This section will introduce how to install and deploy the latest Llama3 model using Ollama, and how to call it using Spring AI.

Installing Ollama#

The installation of Ollama is straightforward; simply download the installation package for your operating system from the official website and install it. After installation and startup, an icon will appear in the system tray.

Then open the terminal and enter ollama -v to verify the version.

At this point, Ollama is installed, but it only supports command-line interactions. If you want to use it in a graphical interface, you can install a webUI (this step can be skipped if you are only calling via code).

For Windows systems, if you have already installed WSL and Docker, you can run the following command:

(1) Run under CPU:

docker run -d -p 3000:8080 --add-host=host.docker.internal:host-gateway -v open-webui:/app/backend/data --name open-webui --restart always ghcr.io/open-webui/open-webui:main

(2) Support GPU running:

docker run -d -p 3000:8080 --gpus=all -v ollama:/root/.ollama -v open-webui:/app/backend/data --name open-webui --restart always ghcr.io/open-webui/open-webui:ollama

After installation, access it via the local address: http://127.0.0.1:3000

Known Issues

After installing this image in WSL, it cannot directly download models online and can only read locally installed models, but even after selecting a model, the conversation still fails. It is uncertain whether this is a port mapping issue between WSL and the Windows host.
Installing Docker Desktop on the Windows host and then running this image works without issues. If you want to run it with GPU, you may need to install a Conda environment.

Llama3 Model#

To install the model, you can first search on the Ollama official website.

The native Llama3 is primarily trained in English. Although you can force it to respond in Chinese using prompts, it is often ignored. Therefore, I recommend using some Llama3 models fine-tuned in Chinese.

You can search for llama3-chinese to find the Chinese fine-tuned versions.

Taking the model wangshenzhi/llama3-8b-chinese-chat-ollama-q8 that I used as an example.

Copy the command here and run it in the terminal.

In most cases, it is only recommended to install the 8B model; larger models are best installed on dedicated compute cards.

ollama run wangshenzhi/llama3-8b-chinese-chat-ollama-q8

ollama run indicates running the model. If the model is not downloaded, it will be downloaded first; if the model is already downloaded, it will run directly.

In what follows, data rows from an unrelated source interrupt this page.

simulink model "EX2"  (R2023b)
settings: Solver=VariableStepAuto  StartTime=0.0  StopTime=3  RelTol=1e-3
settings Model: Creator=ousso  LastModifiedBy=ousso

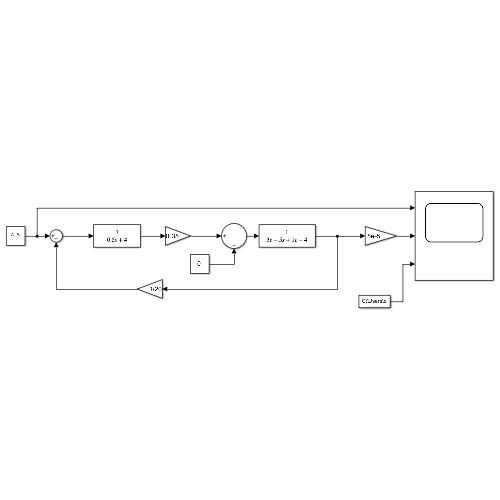
[thumbnail: Simulink's stored preview of the top-level diagram]
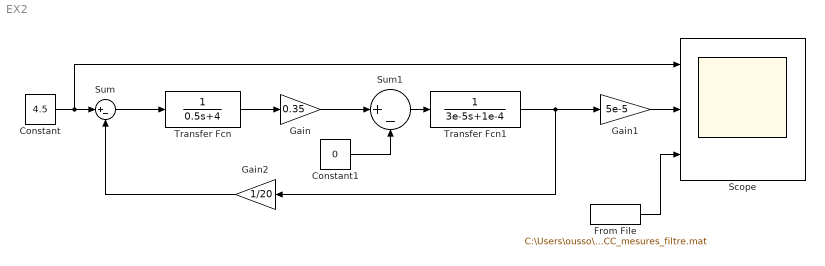
== system EX2 ==
  Constant : Constant  Value=4.5
  Constant1 : Constant  Value=0
  From File : FromFile  FileName=C:\Users\ousso\Desktop\ENIAD\Les Modules\Electronique et Automatique\Automatique\TP\Paramètres_ModèleCausal\MCC_mesures_filtre.mat  SampleTime=0
  Gain : Gain  Gain=0.35
  Gain1 : Gain  Gain=5e-5
  Gain2 : Gain  Gain=1/20
  Scope : Scope  NumInputPorts=3
  Sum : Sum  Inputs=|+-
  Sum1 : Sum  Inputs=|+-
  Transfer Fcn : TransferFcn  Denominator=[0.5 4]
  Transfer Fcn1 : TransferFcn  Denominator=[3e-5 1e-4]
  wires:
  Constant/1 -> Scope/1, Sum/1
  Sum/1 -> Transfer Fcn/1
  Transfer Fcn/1 -> Gain/1
  Gain/1 -> Sum1/1
  Constant1/1 -> Sum1/2
  Sum1/1 -> Transfer Fcn1/1
  Transfer Fcn1/1 -> Gain1/1, Gain2/1
  Gain1/1 -> Scope/2
  Gain2/1 -> Sum/2
  From File/1 -> Scope/3
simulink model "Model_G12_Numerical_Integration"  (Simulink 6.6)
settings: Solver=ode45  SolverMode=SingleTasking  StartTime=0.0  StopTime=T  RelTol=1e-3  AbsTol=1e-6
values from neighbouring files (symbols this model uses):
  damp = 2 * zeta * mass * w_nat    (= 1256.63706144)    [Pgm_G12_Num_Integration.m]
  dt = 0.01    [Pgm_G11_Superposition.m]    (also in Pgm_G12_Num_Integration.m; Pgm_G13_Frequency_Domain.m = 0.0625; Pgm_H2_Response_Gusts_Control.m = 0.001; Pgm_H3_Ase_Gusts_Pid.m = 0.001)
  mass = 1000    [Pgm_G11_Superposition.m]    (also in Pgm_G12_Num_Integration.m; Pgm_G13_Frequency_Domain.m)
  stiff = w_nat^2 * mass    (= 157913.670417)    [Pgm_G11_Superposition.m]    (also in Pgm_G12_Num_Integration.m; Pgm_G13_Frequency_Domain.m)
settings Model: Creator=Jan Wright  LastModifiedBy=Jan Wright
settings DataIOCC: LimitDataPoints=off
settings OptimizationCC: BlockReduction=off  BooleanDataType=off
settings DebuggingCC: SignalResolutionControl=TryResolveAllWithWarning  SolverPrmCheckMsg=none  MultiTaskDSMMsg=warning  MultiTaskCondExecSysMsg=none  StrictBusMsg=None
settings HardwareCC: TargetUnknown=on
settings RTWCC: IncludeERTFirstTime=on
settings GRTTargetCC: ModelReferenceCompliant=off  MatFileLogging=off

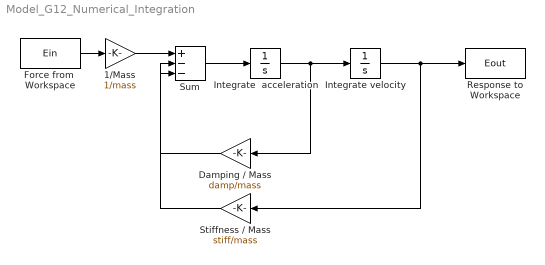
== system Model_G12_Numerical_Integration ==
  1/Mass : Gain  Gain=1/mass  SaturateOnIntegerOverflow=on
  Damping / Mass : Gain  Orientation=left  Gain=damp/mass  SaturateOnIntegerOverflow=on
  Force from  Workspace : FromWorkspace  VariableName=Ein  SampleTime=dt
  Integrate velocity : Integrator
  Integrate  acceleration : Integrator
  Response to Workspace : ToWorkspace  VariableName=Eout  SampleTime=dt  SaveFormat=Array
  Stiffness / Mass : Gain  Orientation=left  Gain=stiff/mass  SaturateOnIntegerOverflow=on
  Sum : Sum  Inputs=+--  SaturateOnIntegerOverflow=on  InputSameDT=on
  wires:
  Integrate  acceleration/1 -> Integrate velocity/1, Damping / Mass/1
  Integrate velocity/1 -> Stiffness / Mass/1, Response to Workspace/1
  Damping / Mass/1 -> Sum/3
  Stiffness / Mass/1 -> Sum/2
  1/Mass/1 -> Sum/1
  Sum/1 -> Integrate  acceleration/1
  Force from  Workspace/1 -> 1/Mass/1

At this point, you can directly have a conversation in the terminal.

Framework Call#

Based on the learning from the previous section, we can directly reuse the code, only needing to modify the model configuration.

private static OllamaChatClient getClient(){
        var ollamaApi = new OllamaApi();

        return new OllamaChatClient(ollamaApi).withDefaultOptions(OllamaOptions.create()
                        .withModel("wangshenzhi/llama3-8b-chinese-chat-ollama-q8")
                        .withTemperature(0.4f));
    }

Here, OllamaApi has a default baseUrl of http://localhost:11434. If your model is not deployed locally, you need to modify this address.
.withModel("wangshenzhi/llama3-8b-chinese-chat-ollama-q8") specifies the model; make sure to use the full name.

Other parts do not need to be changed; just run it directly.

Known issues with Llama3 are: 1. The model is too small, often producing incorrect responses or hallucinations; 2. It seems to not support Function Calling.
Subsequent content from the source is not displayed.